→ TASK DETAILS
A single figure is the whole answer: the number of lines in the records that contain "leaves".

→ INFORMATION SHOWN
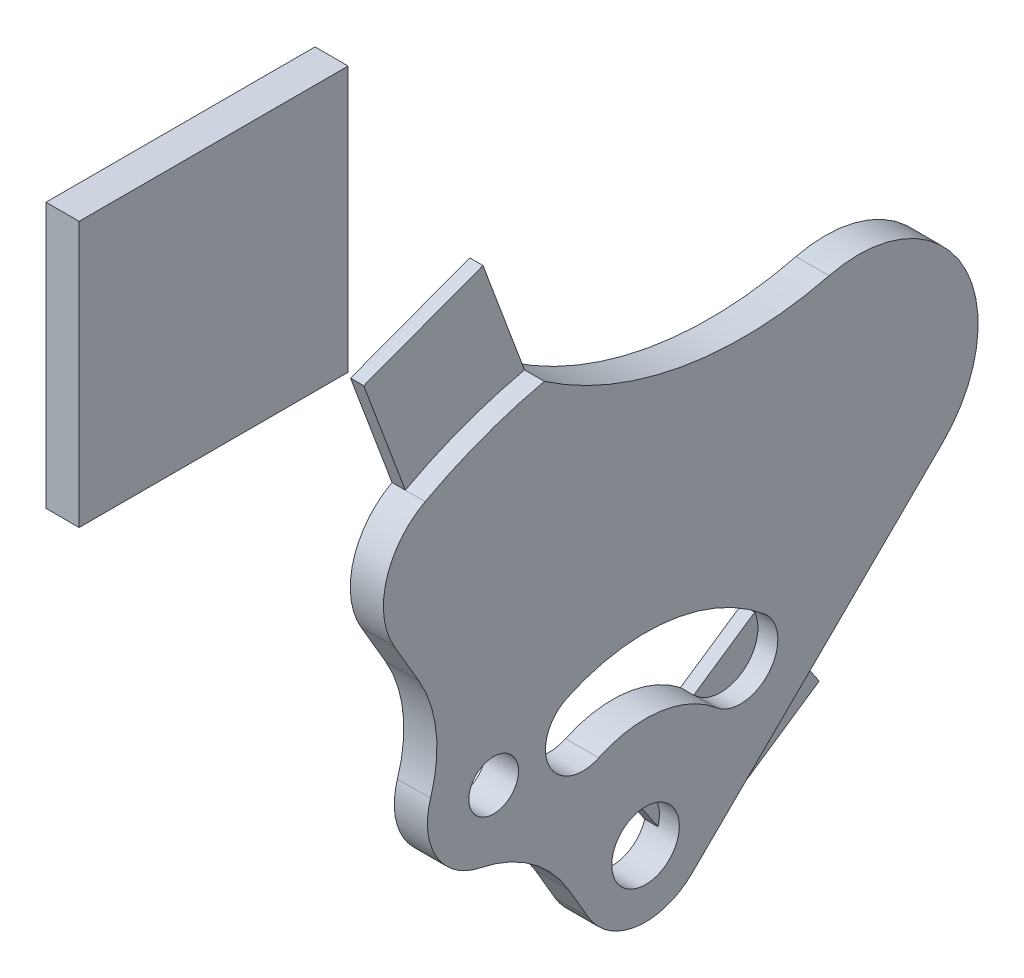
from build123d import *

# Parameters (mm, degrees)
BOSS_EXTRUDE2_DEPTH            = 19.05
SKETCH9_R                      = 3.2385
SKETCH9_R_2                    = 3.175
CUT_EXTRUDE4_DEPTH             = 153.631238014
CUT_EXTRUDE7_DEPTH             = 52.07
SKETCH16_W                     = 6.35
SKETCH16_H                     = 9.525
BOSS_EXTRUDE3_DEPTH            = 52.07
BOSS_EXTRUDE5_DEPTH            = 38.1
CUT_EXTRUDE10_DEPTH            = 153.631238014
SKETCH22_R                     = 3.175
CUT_EXTRUDE11_DEPTH            = 535.426844636
CUT_EXTRUDE13_DEPTH            = 3.175
CUT_EXTRUDE13_DEPTH_BACK       = 5.08
SKETCH27_R                     = 6.35
SKETCH28_W                     = 12.7
SKETCH28_H                     = 6.35
CUT_EXTRUDE14_DEPTH            = 6.35
CUT_EXTRUDE18_DEPTH            = 25.4
CUT_EXTRUDE23_REACH            = 116.123
SKETCH48_W                     = 4.7625
SKETCH48_H                     = 46.015558287
BOSS_EXTRUDE6_DEPTH            = 2.38125
BOSS_EXTRUDE9_START            = 6.35
SKETCH41_R                     = 1.651
BOSS_EXTRUDE9_DEPTH            = 3.175
SKETCH44_W                     = 2.15265
SKETCH44_H                     = 21.43125
F_8_CLEARANCE_HOLE1_AT_2_COUNT = 2
F_8_CLEARANCE_HOLE1_AT_2_PITCH = 14.1097
SKETCH54_R                     = 3.2385
CUT_EXTRUDE29_DEPTH            = 534.965103431
BOSS_EXTRUDE17_DEPTH           = 3.175
SKETCH47_R                     = 2.38125
CUT_EXTRUDE22_DEPTH            = 534.965103431
FILLET10_R                     = 12.7
FILLET11_R                     = 7.62
BOSS_EXTRUDE10_DEPTH           = 4.7625
SKETCH57_R                     = 3.175
CUT_EXTRUDE31_DEPTH            = 534.497648303
SKETCH58_R                     = 3.175
CUT_EXTRUDE32_DEPTH            = 534.497648303
BOSS_EXTRUDE12_DEPTH           = 4.7625
FILLET4_R                      = 161.925
CUT_EXTRUDE33_DEPTH            = 534.497648303
SKETCH63_W                     = 2.45745
SKETCH63_H                     = 21.43125
FILLET6_R                      = 1.27
FILLET7_R                      = 2
FILLET9_R                      = 12.7
FILLET8_R                      = 6.35
BOSS_EXTRUDE15_DEPTH           = 1.27
SKETCH67_W                     = 25.783881398
SKETCH67_H                     = 25.415540234
BOSS_EXTRUDE16_DEPTH           = 3.175


with BuildPart() as part:
    # Sketch4 → Boss-Extrude2 (new, symmetric)
    with BuildSketch(Plane(origin=(0, 0, 0), x_dir=(0, 0, -1), z_dir=(1, 0, 0))):
        with BuildLine():
            Line((-186.846778023, 405.26156603), (-158.205357675, 369.030625673))
            Line((-158.205357675, 369.030625673), (-140.256718713, 375.414109002))
            Line((-140.256718713, 375.414109002), (-157.704906478, 424.473722165))
            Line((-157.704906478, 424.473722165), (-175.65354544, 418.090238836))
            Line((-175.65354544, 418.090238836), (-177.355807661, 422.876542559))
            ThreePointArc((-177.355807661, 422.876542559), (-243.191724351, 450.45722133), (-264.474202715, 382.324131846))
            Line((-264.474202715, 382.324131846), (-237.676042854, 336.546390968))
            ThreePointArc((-237.676042854, 336.546390968), (-229.492825478, 334.008496997), (-226.23061556, 341.930866521))
            Line((-226.23061556, 341.930866521), (-246.687133952, 397.9992122))
            ThreePointArc((-246.687133952, 397.9992122), (-243.637808701, 421.265815224), (-222.825693032, 432.10505146))
            ThreePointArc((-222.825693032, 432.10505146), (-209.542420342, 429.05833538), (-198.914683118, 420.527273681))
            Line((-198.914683118, 420.527273681), (-186.846778023, 405.26156603))
        make_face()
    extrude(amount=BOSS_EXTRUDE2_DEPTH, both=True)

    # Sketch9 → Cut-Extrude4 (cut, through all)
    with BuildSketch(Plane(origin=(0, 426.601549941, 151.722026824), x_dir=(1, 0, 0), z_dir=(0, 0.9421857722885012, 0.33509098838542445))):
        with Locations(Location((6.35, -19.05, 0), (0, 0, 270))):
            Circle(SKETCH9_R)
        with Locations((-9.525, -6.35)):
            Circle(SKETCH9_R_2)
        with Locations((9.525, -6.35)):
            Circle(SKETCH9_R_2)
    extrude(amount=-CUT_EXTRUDE4_DEPTH, mode=Mode.SUBTRACT)

    # Sketch15 → Cut-Extrude7 (cut)
    with BuildSketch(Plane(origin=(0, 426.601549941, 151.722026824), x_dir=(1, 0, 0), z_dir=(0, 0.9421857722885011, 0.33509098838542445))):
        Polygon((-3.175, -9.525), (6.35, -9.525), (9.525, -9.525), (9.525, -6.35), (-9.525, -6.35), (-9.525, -9.525), align=None)
    extrude(amount=-CUT_EXTRUDE7_DEPTH, mode=Mode.SUBTRACT)

    # Sketch16 → Boss-Extrude3 (add)
    with BuildSketch(Plane(origin=(0, 426.601549941, 151.722026824), x_dir=(1, 0, 0), z_dir=(0, 0.9421857722885012, 0.3350909883854245))):
        with Locations((15.875, -1.5875)):
            Rectangle(SKETCH16_W, SKETCH16_H)
        with Locations((-15.875, -1.5875)):
            Rectangle(SKETCH16_W, SKETCH16_H)
    extrude(amount=-BOSS_EXTRUDE3_DEPTH)

    # Sketch20 → Boss-Extrude5 (add)
    with BuildSketch(Plane(origin=(19.05, 0, 0), x_dir=(0, 0, -1), z_dir=(1, 0, 0))):
        with BuildLine():
            Line((-148.730586997, 427.665463829), (-175.65354544, 418.090238836))
            Line((-175.65354544, 418.090238836), (-177.355807661, 422.876542559))
            ThreePointArc((-177.355807661, 422.876542559), (-196.734821197, 447.304238729), (-227.005535657, 454.78370073))
            Line((-227.005535657, 454.78370073), (-160.433639767, 460.571301927))
            Line((-160.433639767, 460.571301927), (-148.730586997, 427.665463829))
        make_face()
    extrude(amount=-BOSS_EXTRUDE5_DEPTH)

    # Sketch21 → Cut-Extrude10 (cut, through all)
    with BuildSketch(Plane(origin=(0, 426.601549941, 151.722026824), x_dir=(1, 0, 0), z_dir=(0, -0.942185772288501, -0.335090988385425))):
        with BuildLine():
            Line((19.05, 14.478), (19.05, 6.35))
            Line((19.05, 6.35), (19.05, -3.175))
            Line((19.05, -3.175), (-19.05, -3.175))
            Line((-19.05, -3.175), (-19.05, 6.35))
            Line((-19.05, 6.35), (-19.05, 14.478))
            Line((-19.05, 14.478), (-15.97025, 14.478))
            Line((-15.97025, 14.478), (-8.0264, 25.0698))
            ThreePointArc((-8.0264, 25.0698), (0, 29.083), (8.0264, 25.0698))
            Line((8.0264, 25.0698), (15.97025, 14.478))
            Line((15.97025, 14.478), (19.05, 14.478))
        make_face()
    extrude(amount=-CUT_EXTRUDE10_DEPTH, mode=Mode.SUBTRACT)

    # Sketch22 → Cut-Extrude11 (cut, through all)
    with BuildSketch(Plane(origin=(19.05, 0, 0), x_dir=(0, 0, -1), z_dir=(1, 0, 0))):
        with Locations((-253.002053482, 402.413470169)):
            Circle(SKETCH22_R)
        with Locations((-239.490468058, 381.184164458)):
            Circle(SKETCH22_R)
    extrude(amount=-CUT_EXTRUDE11_DEPTH, mode=Mode.SUBTRACT)

    # Sketch27 → Cut-Extrude13 (cut, two sides: drawn at the far end of the back side and taken through both)
    with BuildSketch(Plane(origin=(-17.1704, -4.31523473, 12.133279938), x_dir=(-0.5432430093887411, -0.1572894719134328, -0.8247102853581115), z_dir=(0.7999999999999949, 0.20105459303125733, -0.5653114633731071)).offset(-CUT_EXTRUDE13_DEPTH_BACK)):
        with Locations(Location((-205.469391655, 414.258576717, 0), (0, 0, 168.252215141))):
            Circle(SKETCH27_R)
    extrude(amount=CUT_EXTRUDE13_DEPTH + CUT_EXTRUDE13_DEPTH_BACK, mode=Mode.SUBTRACT)

    # Sketch28 → Cut-Extrude14 (cut)
    with BuildSketch(Plane(origin=(0, -4.85144733, 13.640965611), x_dir=(-1, 0, 0), z_dir=(-1.200145339583648e-13, 0.33509098838542495, -0.942185772288501))):
        with Locations((-12.7, 481.353594719)):
            Rectangle(SKETCH28_W, SKETCH28_H)
    extrude(amount=-CUT_EXTRUDE14_DEPTH, mode=Mode.SUBTRACT)

    # Sketch33 → Cut-Extrude18 (cut, symmetric)
    with BuildSketch(Plane(origin=(0, 0, 0), x_dir=(0, 0, -1), z_dir=(1, 0, 0))):
        with BuildLine():
            Line((-199.247314558, 457.196933995), (-212.078601064, 429.719395123))
            ThreePointArc((-212.078601064, 429.719395123), (-239.987832709, 425.42992694), (-246.687133952, 397.9992122))
            Line((-246.687133952, 397.9992122), (-226.23061556, 341.930866521))
            ThreePointArc((-226.23061556, 341.930866521), (-229.492825478, 334.008496997), (-237.676042854, 336.546390968))
            Line((-237.676042854, 336.546390968), (-264.474202715, 382.324131846))
            ThreePointArc((-264.474202715, 382.324131846), (-265.693591855, 428.871937811), (-227.005535657, 454.78370073))
            Line((-227.005535657, 454.78370073), (-199.247314558, 457.196933995))
        make_face()
    extrude(amount=CUT_EXTRUDE18_DEPTH, both=True, mode=Mode.SUBTRACT)

    # Cut-Extrude23: up to this plane
    cut_extrude23_end = Plane(origin=(-108.1095773, 454.78370073, 227.005535657), z_dir=(0, 0.9962422144646194, 0.08661091223761264))
    # Sketch48 → Cut-Extrude23 (cut, up to the surface)
    with BuildSketch(Plane(origin=(0, 377.541936778, 134.273839059), x_dir=(1, 0, 0), z_dir=(0, -0.9421857722885012, -0.3350909883854244)), mode=Mode.PRIVATE) as cut_extrude23_sk1:
        with Locations((0, 32.532779144)):
            Rectangle(SKETCH48_W, SKETCH48_H)
    cut_extrude23_tool1 = split(extrude(cut_extrude23_sk1.sketch, amount=-CUT_EXTRUDE23_REACH, mode=Mode.PRIVATE), bisect_by=cut_extrude23_end, keep=Keep.BOTH, mode=Mode.PRIVATE)
    add(cut_extrude23_tool1.solids().sort_by_distance((0, 366.640496, 164.925761))[0], mode=Mode.SUBTRACT)


with BuildPart() as cut_extrude23_piece_1:
    # of the separate pieces the step leaves, piece 1, a body of its own (cut_extrude23_pieces)
    add(part.part.solids().sort_by_distance((-19.05, 457.196933995, 199.247314558))[0])


with BuildPart() as cut_extrude23_piece_2:
    # of the separate pieces the step leaves, piece 2, a body of its own (cut_extrude23_pieces)
    add(part.part.solids().sort_by_distance((19.05, 457.196933995, 199.247314558))[0])


with BuildPart() as body_3:
    # Sketch35 → Boss-Extrude6 (new, symmetric)
    with BuildSketch(Plane(origin=(0, 0, 0), x_dir=(0, 0, -1), z_dir=(1, 0, 0))):
        with BuildLine():
            Line((-237.676042854, 336.546390968), (-264.474202715, 382.324131846))
            ThreePointArc((-264.474202715, 382.324131846), (-265.472121099, 429.295088492), (-226.053156197, 454.857009691))
            Line((-226.053156197, 454.857009691), (-204.645177824, 456.727656689))
            Line((-204.645177824, 456.727656689), (-195.764245071, 457.499743714))
            Line((-195.764245071, 457.499743714), (-187.436501805, 446.96528118))
            Line((-187.436501805, 446.96528118), (-172.228614898, 427.727546572))
            Line((-172.228614898, 427.727546572), (-189.069775711, 408.073622684))
            Line((-189.069775711, 408.073622684), (-198.914683118, 420.527273681))
            ThreePointArc((-198.914683118, 420.527273681), (-209.542420342, 429.05833538), (-222.825693032, 432.10505146))
            ThreePointArc((-222.825693032, 432.10505146), (-243.637808701, 421.265815224), (-246.687133952, 397.9992122))
            Line((-246.687133952, 397.9992122), (-226.23061556, 341.930866521))
            ThreePointArc((-226.23061556, 341.930866521), (-229.492825478, 334.008496997), (-237.676042854, 336.546390968))
        make_face()
    extrude(amount=BOSS_EXTRUDE6_DEPTH, both=True)

    # Sketch44 → #8 Clearance Hole1 (revolve, cut)
    with BuildSketch(Plane(origin=(2.38125, 352.520342369, 238.205511608), x_dir=(0, 0, -1), z_dir=(0, 1, 0))):
        with Locations((1.076325, 10.715625)):
            Rectangle(SKETCH44_W, SKETCH44_H)
    f_8_clearance_hole1 = revolve(axis=Axis((8.73125, 352.520342369, 238.205511608), (-1, 0, 0)), mode=Mode.SUBTRACT)

    # #8 Clearance Hole1 at 2: #8 Clearance Hole1 ×2
    with Locations(*[Vector(0, -0.9047630823191329, -0.42591520854787757) * (i * F_8_CLEARANCE_HOLE1_AT_2_PITCH) for i in range(1, F_8_CLEARANCE_HOLE1_AT_2_COUNT)]):
        add(f_8_clearance_hole1, mode=Mode.SUBTRACT)

    # Sketch56 → Boss-Extrude10 (add)
    with BuildSketch(Plane.ZY.offset(2.38125)):
        Polygon((172.228614898, 427.727546572), (189.069775711, 408.073622684), (150.093881412, 374.128883937), (137.640230415, 383.973791344), align=None)
    extrude(amount=-BOSS_EXTRUDE10_DEPTH)

    # Sketch57 → Cut-Extrude31 (cut, through all)
    with BuildSketch(Plane.ZY.offset(2.38125)):
        with Locations((154.366633975, 389.773278837)):
            Circle(SKETCH57_R)
    extrude(amount=-CUT_EXTRUDE31_DEPTH, mode=Mode.SUBTRACT)

    # Sketch58 → Cut-Extrude32 (cut, through all)
    with BuildSketch(Plane(origin=(2.38125, 0, 0), x_dir=(0, 0, -1), z_dir=(1, 0, 0))):
        with Locations((-251.088512577, 393.691356506)):
            Circle(SKETCH58_R)
    extrude(amount=-CUT_EXTRUDE32_DEPTH, mode=Mode.SUBTRACT)

    # Sketch60 → Boss-Extrude12 (add)
    with BuildSketch(Plane.ZY.offset(2.38125)):
        with BuildLine():
            Line((238.16133602, 337.577946891), (232.720186483, 322.664546316))
            ThreePointArc((232.720186483, 322.664546316), (224.578366438, 318.875645901), (220.789466023, 327.017465946))
            Line((220.789466023, 327.017465946), (226.23061556, 341.930866521))
            ThreePointArc((226.23061556, 341.930866521), (230.019515975, 333.789046476), (238.16133602, 337.577946891))
        make_face()
    extrude(amount=-BOSS_EXTRUDE12_DEPTH)

    # Fillet4
    fillet4_edges = [body_3.edges().sort_by_distance(p)[0] for p in [
        (0, 337.040299626, 237.965175583),
    ]]
    fillet(fillet4_edges, radius=FILLET4_R)

    # Sketch61 → Cut-Extrude33 (cut, through all)
    with BuildSketch(Plane.ZY.offset(2.38125)):
        with BuildLine():
            Line((157.330045228, 408.881093338), (149.454119303, 398.91817254))
            ThreePointArc((149.454119303, 398.91817254), (151.090857413, 398.367142584), (152.779456246, 398.004955291))
            Line((152.779456246, 398.004955291), (159.820775427, 406.912111857))
            Line((159.820775427, 406.912111857), (157.330045228, 408.881093338))
        make_face()
    extrude(amount=-CUT_EXTRUDE33_DEPTH, mode=Mode.SUBTRACT)


with BuildPart() as body_4:
    # Sketch41 → Boss-Extrude9 (new body)
    with BuildSketch(Plane(origin=(2.38125, 0, 0), x_dir=(0, 0, -1), z_dir=(1, 0, 0)).offset(BOSS_EXTRUDE9_START)):
        with BuildLine():
            Line((-259.901827857, 374.513409299), (-237.676042854, 336.546390968))
            ThreePointArc((-237.676042854, 336.546390968), (-233.025285674, 333.458793542), (-227.733605481, 335.23669144))
            Line((-227.733605481, 335.23669144), (-203.734295846, 358.941993885))
            ThreePointArc((-203.734295846, 358.941993885), (-201.795644606, 372.748442455), (-214.603143546, 378.257014105))
            ThreePointArc((-214.603143546, 378.257014105), (-228.769887709, 377.768125905), (-241.890035296, 383.134444861))
            ThreePointArc((-241.890035296, 383.134444861), (-251.386309553, 379.848465993), (-259.901827857, 374.513409299))
        make_face()
        with Locations((-232.19597579, 339.754406706)):
            Circle(SKETCH41_R, mode=Mode.SUBTRACT)
        with BuildLine():
            ThreePointArc((-220.782994488, 353.265112137), (-229.890488905, 357.289515308), (-239.728720687, 355.756064675))
            ThreePointArc((-239.728720687, 355.756064675), (-241.441233915, 350.99713329), (-236.682302529, 349.284620062))
            ThreePointArc((-236.682302529, 349.284620062), (-230.822881705, 350.197907406), (-225.39867097, 347.801066971))
            ThreePointArc((-225.39867097, 347.801066971), (-220.358810146, 348.225251313), (-220.782994488, 353.265112137))
        make_face(mode=Mode.SUBTRACT)
    extrude(amount=BOSS_EXTRUDE9_DEPTH)


with BuildPart() as body_5:
    # Mirror1: mirrored copy
    add(body_4.part.mirror(Plane(origin=(0, 0, 0), x_dir=(0, 0, 1), z_dir=(1, 0, 0))))


with BuildPart() as cut_extrude29_tool:
    # Sketch54 → Cut-Extrude29 (new, through all)
    with BuildSketch(Plane.ZY.offset(11.90625)):
        with Locations(Location((232.19597579, 339.754406706, 0), (0, 0, 180))):
            Circle(SKETCH54_R)
    extrude(amount=-CUT_EXTRUDE29_DEPTH)


with BuildPart() as body_5_1:
    add(body_5.part)

    # Cut-Extrude29: cut by cut_extrude29_tool
    add(cut_extrude29_tool.part, mode=Mode.SUBTRACT)


with BuildPart() as body_4_1:
    add(body_4.part)

    # Cut-Extrude29: cut by cut_extrude29_tool
    add(cut_extrude29_tool.part, mode=Mode.SUBTRACT)

    # Sketch68 → Boss-Extrude17 (add)
    with BuildSketch(Plane(origin=(11.90625, 0, 0), x_dir=(0, 0, -1), z_dir=(1, 0, 0))):
        with BuildLine():
            Line((-249.957697324, 357.526428359), (-243.541665847, 346.566294232))
            ThreePointArc((-243.541665847, 346.566294232), (-252.229748649, 348.838345557), (-249.957697324, 357.526428359))
        make_face()
    extrude(amount=-BOSS_EXTRUDE17_DEPTH)


with BuildPart() as cut_extrude22_tool:
    # Sketch47 → Cut-Extrude22 (new, through all)
    with BuildSketch(Plane(origin=(11.90625, 0, 0), x_dir=(0, 0, -1), z_dir=(1, 0, 0))):
        with Locations((-246.749681585, 352.046361295)):
            Circle(SKETCH47_R)
    extrude(amount=-CUT_EXTRUDE22_DEPTH)


with BuildPart() as body_4_2:
    add(body_4_1.part)

    # Cut-Extrude22: cut by cut_extrude22_tool
    add(cut_extrude22_tool.part, mode=Mode.SUBTRACT)

    # Fillet10
    fillet10_edges = [body_4_2.edges().sort_by_distance(p)[0] for p in [
        (10.31875, 346.566294232, 243.541665847),
        (10.31875, 357.526428359, 249.957697324),
    ]]
    fillet(fillet10_edges, radius=FILLET10_R)

    # Fillet11
    fillet11_edges = [body_4_2.edges().sort_by_distance(p)[0] for p in [
        (10.31875, 374.513409299, 259.901827857),
    ]]
    fillet(fillet11_edges, radius=FILLET11_R)

    # Sketch66 → Boss-Extrude15 (add)
    with BuildSketch(Plane.ZY.offset(-8.73125)):
        Polygon((219.676143821, 352.088594489), (232.292980439, 343.540317836), (226.260033989, 334.635985094), (213.643197371, 343.184261748), align=None)
        Polygon((241.890035296, 383.134444861), (253.315956343, 378.866411532), (257.295076427, 389.518885027), (245.86915538, 393.786918357), align=None)
    extrude(amount=-BOSS_EXTRUDE15_DEPTH)


with BuildPart() as body_5_2:
    add(body_5_1.part)

    # Cut-Extrude22: cut by cut_extrude22_tool
    add(cut_extrude22_tool.part, mode=Mode.SUBTRACT)


with BuildPart() as f_10_0_1935_diameter_hole1_tool:
    # Sketch63 → #10 (0.1935) Diameter Hole1 (revolve)
    with BuildSketch(Plane(origin=(-2.38125, 447.807292483, 200.24390249), x_dir=(0, 0, 1), z_dir=(0, 1, 0))):
        with Locations((1.228725, 10.715625)):
            Rectangle(SKETCH63_W, SKETCH63_H)
    revolve(axis=Axis((-8.73125, 447.807292483, 200.24390249), (1, 0, 0)))


with BuildPart() as cut_extrude23_piece_2_1:
    add(cut_extrude23_piece_2.part)

    # #10 (0.1935) Diameter Hole1: cut by f_10_0_1935_diameter_hole1_tool
    add(f_10_0_1935_diameter_hole1_tool.part, mode=Mode.SUBTRACT)


with BuildPart() as body_3_1:
    add(body_3.part)

    # #10 (0.1935) Diameter Hole1: cut by f_10_0_1935_diameter_hole1_tool
    add(f_10_0_1935_diameter_hole1_tool.part, mode=Mode.SUBTRACT)

    # Fillet6
    fillet6_edges = [body_3_1.edges().sort_by_distance(p)[0] for p in [
        (0, 408.881093338, 157.330045228),
    ]]
    fillet(fillet6_edges, radius=FILLET6_R)

    # Fillet7
    fillet7_edges = [body_3_1.edges().sort_by_distance(p)[0] for p in [
        (0, 406.912111857, 159.820775427),
        (0, 398.004955291, 152.779456246),
    ]]
    fillet(fillet7_edges, radius=FILLET7_R)

    # Fillet9
    fillet9_edges = [body_3_1.edges().sort_by_distance(p)[0] for p in [
        (0, 457.499743714, 195.764245071),
    ]]
    fillet(fillet9_edges, radius=FILLET9_R)

    # Fillet8
    fillet8_edges = [body_3_1.edges().sort_by_distance(p)[0] for p in [
        (0, 383.973791344, 137.640230415),
        (0, 374.128883937, 150.093881412),
    ]]
    fillet(fillet8_edges, radius=FILLET8_R)


with BuildPart() as body_2:
    # Sketch67 → Boss-Extrude16 (new body)
    with BuildSketch(Plane.ZY.offset(-8.73125)):
        with Locations((273.586337896, 406.00175714)):
            Rectangle(SKETCH67_W, SKETCH67_H)
    extrude(amount=-BOSS_EXTRUDE16_DEPTH)


solid = Compound([body_4_2.part, body_2.part])

→ TASK ANSWER
2